Can you imagine buying a brand new car and having bumper stickers from Subway, Coke, Cialis, and Jenny Craig on the back of it? “Oh, we put bumper stickers on there to subsidise the cost of the car” says the salesman. “You can just scrape those off”. We’d never accept that from a car dealership, yet it’s exactly what we get from the major OEMs like Dell and HP. I’d happily pay an extra $10 to Dell just to get a machine that had no software installed on it beyond their basic Dell support applications.

7 thoughts on “Dell Still Putting Craplets on Vista Computers”

  1. You know, mabey that should be an option when building a Dell PC. Allow for a “No Extra Crap” (name negotiable) option and allow the user to pay whatever subsidised money Dell would normally receive from Google and others.

  2. Yeah, that’s exactly what I was thinking about paying an extra $10 or whatever the subsidy is that Dell gets paid.

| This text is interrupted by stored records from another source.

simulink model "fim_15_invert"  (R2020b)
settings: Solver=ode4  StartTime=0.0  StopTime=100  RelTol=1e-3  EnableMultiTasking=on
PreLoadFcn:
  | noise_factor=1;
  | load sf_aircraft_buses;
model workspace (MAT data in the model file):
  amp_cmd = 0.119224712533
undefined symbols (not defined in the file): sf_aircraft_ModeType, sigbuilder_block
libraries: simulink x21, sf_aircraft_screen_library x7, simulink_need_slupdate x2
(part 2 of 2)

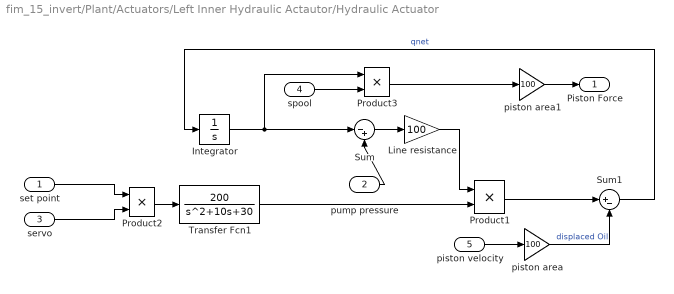
== system fim_15_invert/Plant/Actuators/Left Inner Hydraulic Actautor/Hydraulic Actuator ==
  set point : Inport
  pump pressure : Inport  Port=2
  servo : Inport  Port=3
  spool : Inport  Port=4
  piston velocity : Inport  Port=5
  Integrator : Integrator
  Line resistance : Gain  Gain=100  SaturateOnIntegerOverflow=on  OutDataTypeStr=Inherit: Same as input  ParamDataTypeStr=Inherit: Same as input
  Product1 : Product  SaturateOnIntegerOverflow=on  OutDataTypeStr=Inherit: Same as first input
  Product2 : Product  SaturateOnIntegerOverflow=on  OutDataTypeStr=Inherit: Same as first input
  Product3 : Product  SaturateOnIntegerOverflow=on  OutDataTypeStr=Inherit: Same as first input
  Sum : Sum  Inputs=|-+  SaturateOnIntegerOverflow=on
  Sum1 : Sum  Inputs=|+-  SaturateOnIntegerOverflow=on
  Transfer Fcn1 : TransferFcn  Numerator=[200]  Denominator=[1 10 30]
  piston area : Gain  Gain=100  SaturateOnIntegerOverflow=on  OutDataTypeStr=Inherit: Same as input  ParamDataTypeStr=Inherit: Same as input
  piston area1 : Gain  Gain=100  SaturateOnIntegerOverflow=on  OutDataTypeStr=Inherit: Same as input  ParamDataTypeStr=Inherit: Same as input
  Piston Force : Outport
  wires:
  spool/1 -> Product3/2
  Product3/1 -> piston area1/1
  servo/1 -> Product2/2
  Product2/1 -> Transfer Fcn1/1
  set point/1 -> Product2/1
  piston area1/1 -> Piston Force/1
  pump pressure/1 -> Sum/2
  Integrator/1 -> Sum/1, Product3/1
  Sum1/1 -> Integrator/1  "qnet"
  piston area/1 -> Sum1/2  "displaced Oil"
  piston velocity/1 -> piston area/1
  Product1/1 -> Sum1/1
  Transfer Fcn1/1 -> Product1/2
  Line resistance/1 -> Product1/1
  Sum/1 -> Line resistance/1

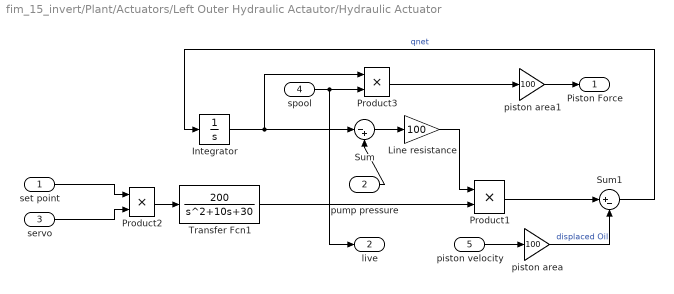
== system fim_15_invert/Plant/Actuators/Left Outer Hydraulic Actautor/Hydraulic Actuator ==
  set point : Inport
  pump pressure : Inport  Port=2
  servo : Inport  Port=3
  spool : Inport  Port=4
  piston velocity : Inport  Port=5
  Integrator : Integrator
  Line resistance : Gain  Gain=100  SaturateOnIntegerOverflow=on  OutDataTypeStr=Inherit: Same as input  ParamDataTypeStr=Inherit: Same as input
  Product1 : Product  SaturateOnIntegerOverflow=on  OutDataTypeStr=Inherit: Same as first input
  Product2 : Product  SaturateOnIntegerOverflow=on  OutDataTypeStr=Inherit: Same as first input
  Product3 : Product  SaturateOnIntegerOverflow=on  OutDataTypeStr=Inherit: Same as first input
  Sum : Sum  Inputs=|-+  SaturateOnIntegerOverflow=on
  Sum1 : Sum  Inputs=|+-  SaturateOnIntegerOverflow=on
  Transfer Fcn1 : TransferFcn  Numerator=[200]  Denominator=[1 10 30]
  piston area : Gain  Gain=100  SaturateOnIntegerOverflow=on  OutDataTypeStr=Inherit: Same as input  ParamDataTypeStr=Inherit: Same as input
  piston area1 : Gain  Gain=100  SaturateOnIntegerOverflow=on  OutDataTypeStr=Inherit: Same as input  ParamDataTypeStr=Inherit: Same as input
  Piston Force : Outport
  live : Outport  Port=2
  wires:
  spool/1 -> live/1, Product3/2
  Product3/1 -> piston area1/1
  servo/1 -> Product2/2
  Product2/1 -> Transfer Fcn1/1
  set point/1 -> Product2/1
  piston area1/1 -> Piston Force/1
  pump pressure/1 -> Sum/2
  Integrator/1 -> Sum/1, Product3/1
  Sum1/1 -> Integrator/1  "qnet"
  piston area/1 -> Sum1/2  "displaced Oil"
  piston velocity/1 -> piston area/1
  Product1/1 -> Sum1/1
  Transfer Fcn1/1 -> Product1/2
  Line resistance/1 -> Product1/1
  Sum/1 -> Line resistance/1

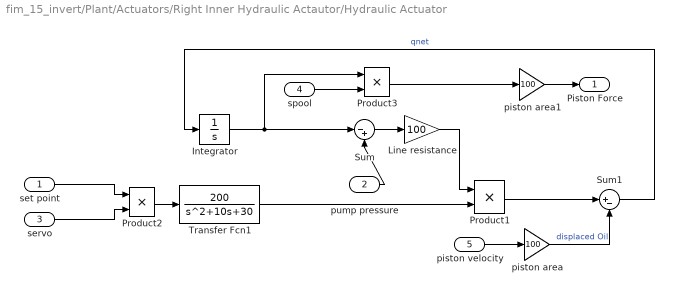
== system fim_15_invert/Plant/Actuators/Right Inner Hydraulic Actautor/Hydraulic Actuator ==
  set point : Inport
  pump pressure : Inport  Port=2
  servo : Inport  Port=3
  spool : Inport  Port=4
  piston velocity : Inport  Port=5
  Integrator : Integrator
  Line resistance : Gain  Gain=100  SaturateOnIntegerOverflow=on  OutDataTypeStr=Inherit: Same as input  ParamDataTypeStr=Inherit: Same as input
  Product1 : Product  SaturateOnIntegerOverflow=on  OutDataTypeStr=Inherit: Same as first input
  Product2 : Product  SaturateOnIntegerOverflow=on  OutDataTypeStr=Inherit: Same as first input
  Product3 : Product  SaturateOnIntegerOverflow=on  OutDataTypeStr=Inherit: Same as first input
  Sum : Sum  Inputs=|-+  SaturateOnIntegerOverflow=on
  Sum1 : Sum  Inputs=|+-  SaturateOnIntegerOverflow=on
  Transfer Fcn1 : TransferFcn  Numerator=[200]  Denominator=[1 10 30]
  piston area : Gain  Gain=100  SaturateOnIntegerOverflow=on  OutDataTypeStr=Inherit: Same as input  ParamDataTypeStr=Inherit: Same as input
  piston area1 : Gain  Gain=100  SaturateOnIntegerOverflow=on  OutDataTypeStr=Inherit: Same as input  ParamDataTypeStr=Inherit: Same as input
  Piston Force : Outport
  wires:
  spool/1 -> Product3/2
  Product3/1 -> piston area1/1
  servo/1 -> Product2/2
  Product2/1 -> Transfer Fcn1/1
  set point/1 -> Product2/1
  piston area1/1 -> Piston Force/1
  pump pressure/1 -> Sum/2
  Integrator/1 -> Sum/1, Product3/1
  Sum1/1 -> Integrator/1  "qnet"
  piston area/1 -> Sum1/2  "displaced Oil"
  piston velocity/1 -> piston area/1
  Product1/1 -> Sum1/1
  Transfer Fcn1/1 -> Product1/2
  Line resistance/1 -> Product1/1
  Sum/1 -> Line resistance/1

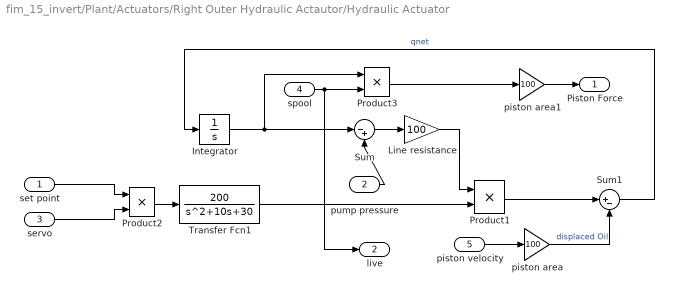
== system fim_15_invert/Plant/Actuators/Right Outer Hydraulic Actautor/Hydraulic Actuator ==
  set point : Inport
  pump pressure : Inport  Port=2
  servo : Inport  Port=3
  spool : Inport  Port=4
  piston velocity : Inport  Port=5
  Integrator : Integrator
  Line resistance : Gain  Gain=100  SaturateOnIntegerOverflow=on  OutDataTypeStr=Inherit: Same as input  ParamDataTypeStr=Inherit: Same as input
  Product1 : Product  SaturateOnIntegerOverflow=on  OutDataTypeStr=Inherit: Same as first input
  Product2 : Product  SaturateOnIntegerOverflow=on  OutDataTypeStr=Inherit: Same as first input
  Product3 : Product  SaturateOnIntegerOverflow=on  OutDataTypeStr=Inherit: Same as first input
  Sum : Sum  Inputs=|-+  SaturateOnIntegerOverflow=on
  Sum1 : Sum  Inputs=|+-  SaturateOnIntegerOverflow=on
  Transfer Fcn1 : TransferFcn  Numerator=[200]  Denominator=[1 10 30]
  piston area : Gain  Gain=100  SaturateOnIntegerOverflow=on  OutDataTypeStr=Inherit: Same as input  ParamDataTypeStr=Inherit: Same as input
  piston area1 : Gain  Gain=100  SaturateOnIntegerOverflow=on  OutDataTypeStr=Inherit: Same as input  ParamDataTypeStr=Inherit: Same as input
  Piston Force : Outport
  live : Outport  Port=2
  wires:
  spool/1 -> live/1, Product3/2
  Product3/1 -> piston area1/1
  servo/1 -> Product2/2
  Product2/1 -> Transfer Fcn1/1
  set point/1 -> Product2/1
  piston area1/1 -> Piston Force/1
  pump pressure/1 -> Sum/2
  Integrator/1 -> Sum/1, Product3/1
  Sum1/1 -> Integrator/1  "qnet"
  piston area/1 -> Sum1/2  "displaced Oil"
  piston velocity/1 -> piston area/1
  Product1/1 -> Sum1/1
  Transfer Fcn1/1 -> Product1/2
  Line resistance/1 -> Product1/1
  Sum/1 -> Line resistance/1

== system fim_15_invert/Signal conditioning and failures /Actuator Positions/Event Logging/Log LI Actuator Position Sensors ==
  In1 : Inport
  Enable : EnablePort  PropagateVarSize=During execution
  To Workspace : ToWorkspace  VariableName=LI_log  SaveFormat=Structure With Time  SampleTime=-1
  wires:
  In1/1 -> To Workspace/1  "LI_log"

== system fim_15_invert/Signal conditioning and failures /Actuator Positions/Event Logging/Log LO Actuator Position Sensors ==
  In1 : Inport
  Enable : EnablePort  PropagateVarSize=During execution
  To Workspace : ToWorkspace  VariableName=LO_log  SaveFormat=Structure With Time  SampleTime=-1
  wires:
  In1/1 -> To Workspace/1  "LO_log"

== system fim_15_invert/Signal conditioning and failures /Actuator Positions/Event Logging/Log RI Actuator Position Sensors ==
  In1 : Inport
  Enable : EnablePort  PropagateVarSize=During execution
  To Workspace : ToWorkspace  VariableName=RI_log  SaveFormat=Structure With Time  SampleTime=-1
  wires:
  In1/1 -> To Workspace/1  "RO_log"

== system fim_15_invert/Signal conditioning and failures /Actuator Positions/Event Logging/Log RO Actuator Position Sensors ==
  In1 : Inport
  Enable : EnablePort  PropagateVarSize=During execution
  To Workspace : ToWorkspace  VariableName=RO_log  SaveFormat=Structure With Time  SampleTime=-1
  wires:
  In1/1 -> To Workspace/1  "RI_log"

== system fim_15_invert/Signal conditioning and failures /Hydraulic Pressures/Event Logging/Log Hydraulic System 1 Sensors ==
  In1 : Inport
  Enable : EnablePort  PropagateVarSize=During execution
  To Workspace : ToWorkspace  VariableName=H1_log  SaveFormat=Structure With Time  SampleTime=-1
  wires:
  In1/1 -> To Workspace/1

== system fim_15_invert/Signal conditioning and failures /Hydraulic Pressures/Event Logging/Log Hydraulic System 2 Sensors ==
  In1 : Inport
  Enable : EnablePort  PropagateVarSize=During execution
  To Workspace : ToWorkspace  VariableName=H2_log  SaveFormat=Structure With Time  SampleTime=-1
  wires:
  In1/1 -> To Workspace/1  "H2_log"

== system fim_15_invert/Signal conditioning and failures /Hydraulic Pressures/Event Logging/Log Hydraulic System 3 Sensors ==
  In1 : Inport
  Enable : EnablePort  PropagateVarSize=During execution
  To Workspace : ToWorkspace  VariableName=H3_log  SaveFormat=Structure With Time  SampleTime=-1
  wires:
  In1/1 -> To Workspace/1  "H3_log"

== system fim_15_invert/Signal conditioning and failures /Hydraulic Pressures/Measured Hydraulic system 1 pressures/Hydraulic pressure ==
  H1_fail : Constant  Value=0  OutDataTypeStr=boolean
  Outlier/failure : Subsystem  Tag=STV Subsys  LoadFcn=sigbuilder_block('load');  StartFcn=sigbuilder_block('start');  StopFcn=sigbuilder_block('stop');  ClipboardFcn=sigbuilder_block('clipboard');  mask(Sigbuilder block){tuvar=[0:10]}
      mask help: Sigbuilder GUI
      mask init:
      | if ~strcmp(get_param(bdroot,'SimulationStatus'),'stopped') tuvar = sigbuilder_block('maskInit'); end
      settings: CopyFcn=sigbuilder_block('copy');  DeleteFcn=sigbuilder_block('delete');  ModelCloseFcn=sigbuilder_block('modelClose');  PreSaveFcn=sigbuilder_block('preSave');  PauseFcn=sigbuilder_block('pause')  ContinueFcn=sigbuilder_block('continue')  NameChangeFcn=sigbuilder_block('namechange');  OpenFcn=sigbuilder_block('open',[81 97.5 519.75 399.75 ]);  CloseFcn=sigbuilder_block('close');
      mask Display: plot(0, 0, 100, 100,[2, 2, 32, 32, 2], [68, 8, 8, 68, 68],[32, 2], [38, 38], [32, 19, 2],[53, 60, 44], [32, 17, 17, 2],[16, 16, 31, 31]);txt = getActiveGroup(gcbh);text(2, 100, txt,'verticalAlignment', 'top');
  Pump Pressure : Constant  Value=1000
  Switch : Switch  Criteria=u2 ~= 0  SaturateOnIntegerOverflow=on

I doubt it’s even that high – I bet it’s no more then $5 total per PC…

  3. When I ordered mine, I saw no mention of any antivirus or burning software in the order process. Sure enough, there’s the NAV trial and the Roxio suite on the finished product.

  4. Hmm. Now that I think about it, when I reinstalled everything on the laptop, I didn’t see a disc for the Roxio product. I wonder if it was only installed on the device with no backup? I hate it when they do that. Meh. The built-in Vista apps are pretty damn good for most people…

  5. I bit the bullet and did a full reinstall, first booting to a Windows 2000 CD in order to delete all the partitions on the disk. There were actually only three unrecognized devices in Device Manager, so rather than running the driver CD to load the drivers, I downloaded them from Dell’s site. And no, nothing Roxio.